● **EXERCISE AIM**: Please return every line below that contains the string "Standard".

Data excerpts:

::::

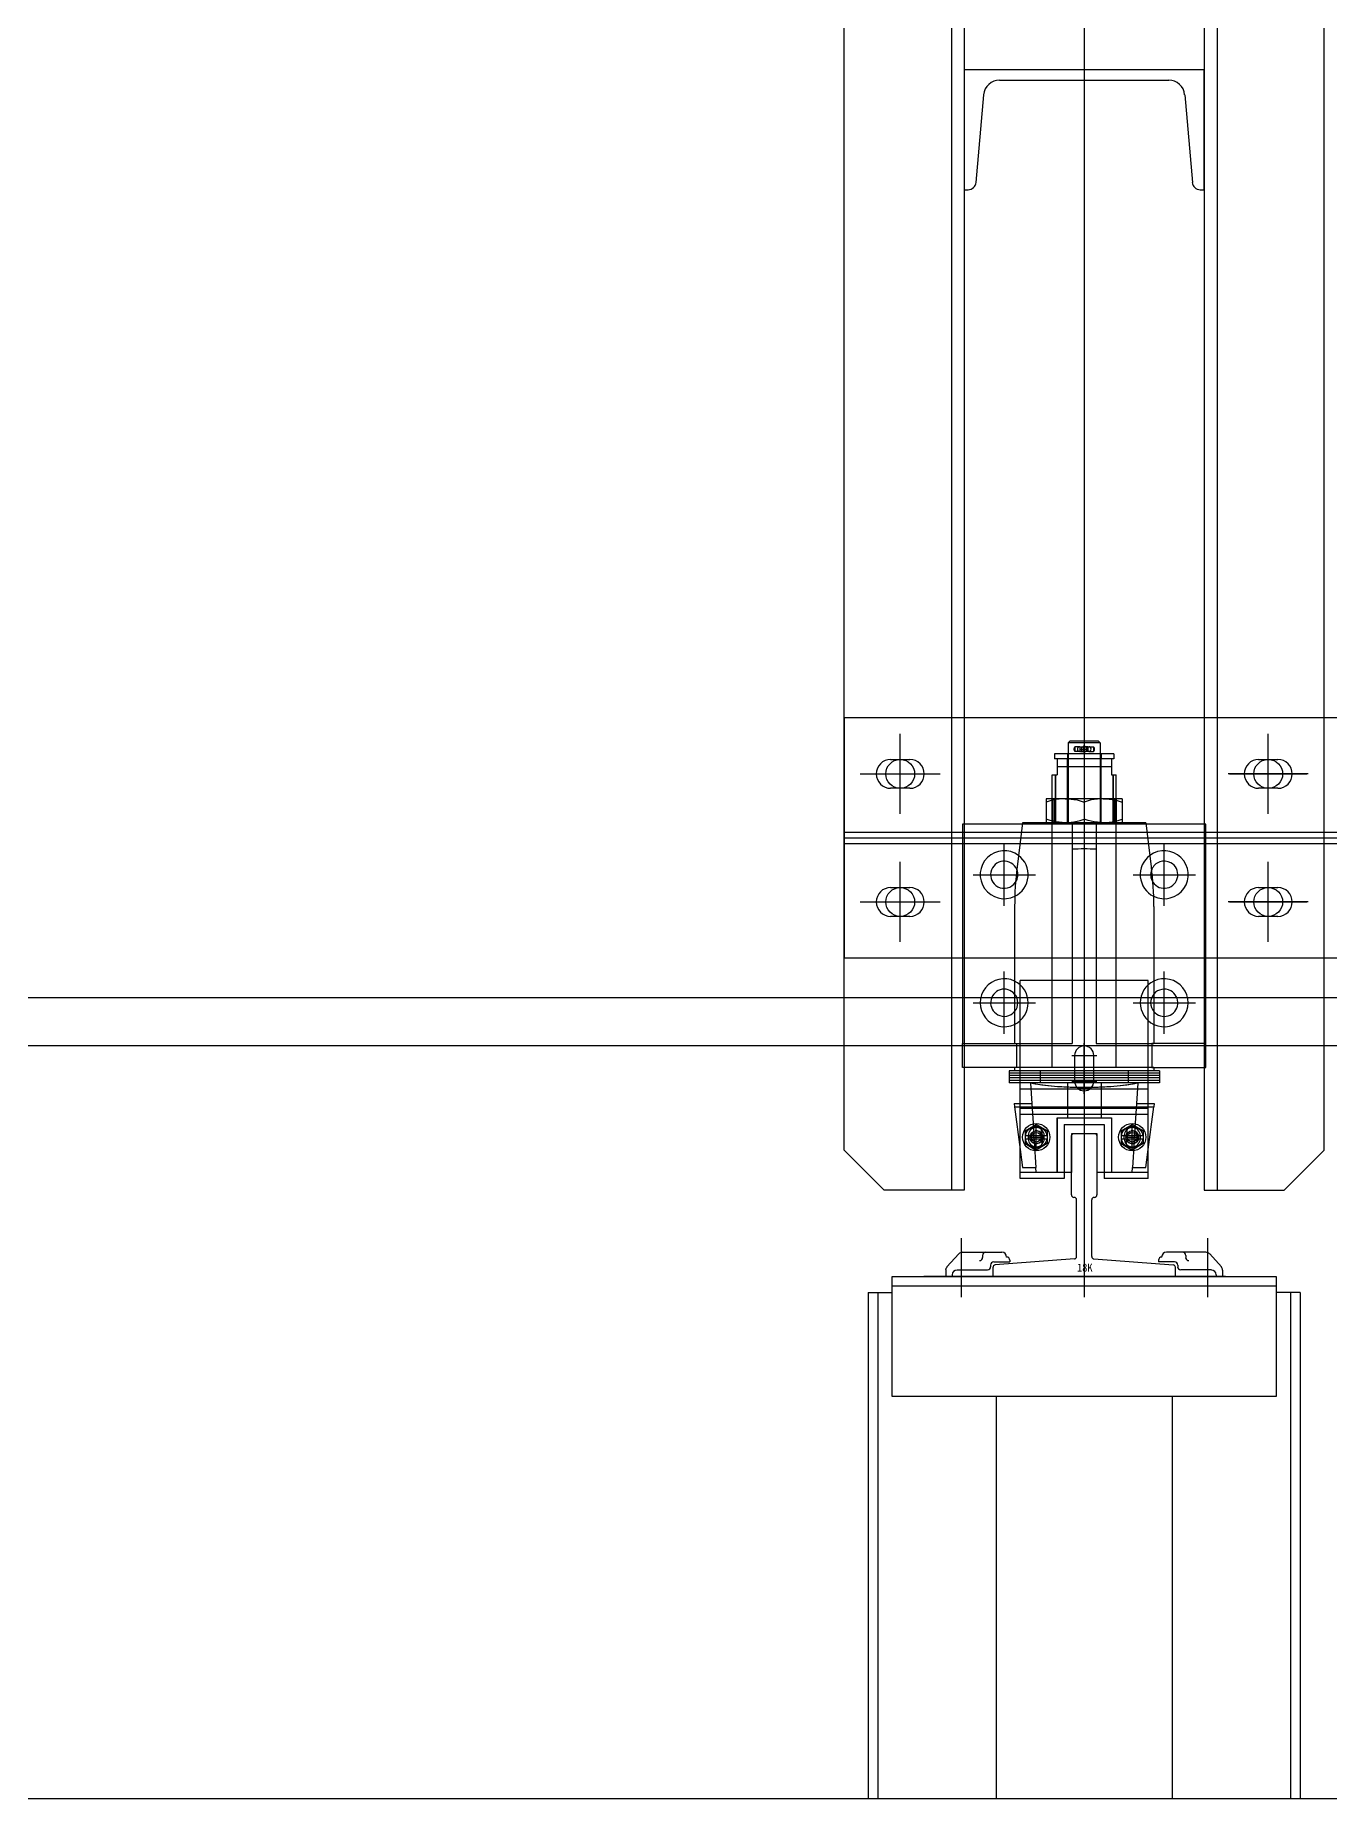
# Model space of a CAD drawing. Header units: millimetres. Extents: x -47382 to 204618, y -51045 to 127155.
# Drawn here: x 136845 to 137654, y 24371 to 25473 of the extents above; entities that cross this region are included whole.
import ezdxf

# ---------------------------------------------------------------- set-up
doc = ezdxf.new("R2010")
doc.units = ezdxf.units.MM
doc.header["$LTSCALE"] = 300
doc.header["$MEASUREMENT"] = 0
doc.layers.get('0').update_dxf_attribs({"linetype": 'CONTINUOUS'})
for name, color, linetype in [('1', 7, 'CONTINUOUS'), ('A-DETL-PEN8', 8, 'CONTINUOUS'), ('A-ST-CONC', 2, 'CONTINUOUS')]:
    doc.layers.add(name, color=color, linetype=linetype)
doc.styles.get("Standard").update_dxf_attribs({"font": ''})
doc.styles.get('Standard').set_extended_font_data('DotumChe')

# ---------------------------------------------------------------- blocks, each defined once
blk = doc.blocks.new('G$C69974227')
at = {"layer": 'A-DETL-PEN8'}
for p, q in [((2487.3, 3620.4, 51500), (2487.3, 380.4, 51500)), ((2495.3, 3620.4, 51500), (2495.3, 380.4, 51500)), ((2645.3, 3620.4, 51500), (2645.3, 380.4, 51500)), ((2653.3, 3620.4, 51500), (2653.3, 380.4, 51500)), ((2420.3, 405.4, 51500), (2420.3, 3595.4, 51500)), ((2720.3, 405.4, 51500), (2720.3, 3595.4, 51500)), ((2570.3, 3585.4, 51500), (2570.3, 415.4, 51500)), ((2570.3, 3530.4, 51500), (2570.3, 470.4, 51500)), ((2495.3, 1080.4, 51500), (2495.3, 1005.4, 51500)), ((2645.3, 1080.4, 51500), (2495.3, 1080.4, 51500)), ((2645.3, 1005.4, 51500), (2645.3, 1080.4, 51500)), ((2517.4, 1073.9, 51500), (2623.1, 1073.9, 51500)), ((2502.7, 1010, 51500), (2507.5, 1064.8, 51500)), ((2633.1, 1064.8, 51500), (2637.9, 1010, 51500)), ((2495.3, 1005.4, 51500), (2497.7, 1005.4, 51500)), ((2642.8, 1005.4, 51500), (2645.3, 1005.4, 51500)), ((4820.3, 675.4, 51500), (2420.3, 675.4, 51500)), ((2420.3, 675.4, 51500), (2420.3, 525.4, 51500)), ((2455.3, 615.4, 51500), (2455.3, 665.4, 51500)), ((2570.3, 666, 51500), (2570.3, 604.8, 51500)), ((2685.3, 615.4, 51500), (2685.3, 665.4, 51500)), ((2455.3, 624.7, 51500), (2455.3, 656.2, 51500)), ((2551.8, 652.9, 51500), (2551.8, 649.9, 51500)), ((2588.8, 652.9, 51500), (2551.8, 652.9, 51500)), ((2559.8, 652.9, 51500), (2559.8, 649.9, 51500)), ((2561.3, 660.9, 51500), (2560.3, 659.9, 51500)), ((2560.3, 659.9, 51500), (2560.3, 652.9, 51500)), ((2575.1, 659.9, 51500), (2560.3, 659.9, 51500)), ((2565.5, 659.9, 51500), (2560.3, 659.9, 51500)), ((2560.3, 652.9, 51500), (2560.3, 609.9, 51500)), ((2574.6, 660.9, 51500), (2561.3, 660.9, 51500)), ((2567.5, 657.4, 51500), (2564.4, 657.4, 51500)), ((2567.5, 654.4, 51500), (2564.4, 654.4, 51500)), ((2564.5, 657.4, 51500), (2564.5, 654.4, 51500)), ((2580.3, 659.9, 51500), (2565.5, 659.9, 51500)), ((2567.5, 657.4, 51500), (2570.3, 657.4, 51500)), ((2570.3, 654.4, 51500), (2567.5, 654.4, 51500)), ((2567.8, 654.4, 51500), (2567.8, 657.4, 51500)), ((2568, 654.4, 51500), (2567.8, 654.4, 51500)), ((2568, 657.4, 51500), (2569.7, 657.4, 51500)), ((2568, 655.9, 51500), (2571.9, 655.9, 51500)), ((2568, 655.9, 51500), (2572.5, 655.9, 51500)), ((2568, 654.4, 51500), (2569.7, 654.4, 51500)), ((2568.6, 655.9, 51500), (2572.5, 655.9, 51500)), ((2570, 654, 51500), (2570, 657.9, 51500)), ((2570.3, 653.7, 51500), (2570.3, 658.2, 51500)), ((2570.3, 657.4, 51500), (2570.3, 654.4, 51500)), ((2570.3, 657.4, 51500), (2570.3, 654.4, 51500)), ((2570.3, 657.4, 51500), (2573.1, 657.4, 51500)), ((2573.1, 654.4, 51500), (2570.3, 654.4, 51500)), ((2570.6, 654, 51500), (2570.6, 657.9, 51500)), ((2572.5, 657.4, 51500), (2570.8, 657.4, 51500)), ((2572.5, 654.4, 51500), (2570.8, 654.4, 51500)), ((2572.5, 657.4, 51500), (2572.8, 657.4, 51500)), ((2572.8, 654.4, 51500), (2572.8, 657.4, 51500)), ((2573.1, 657.4, 51500), (2576.1, 657.4, 51500)), ((2573.1, 654.4, 51500), (2576.1, 654.4, 51500)), ((2579.3, 660.9, 51500), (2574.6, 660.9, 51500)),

::::

● **REPLY TO THE EXERCISE**:
doc.styles.get("Standard").update_dxf_attribs({"font": ''})
doc.styles.get('Standard').set_extended_font_data('DotumChe')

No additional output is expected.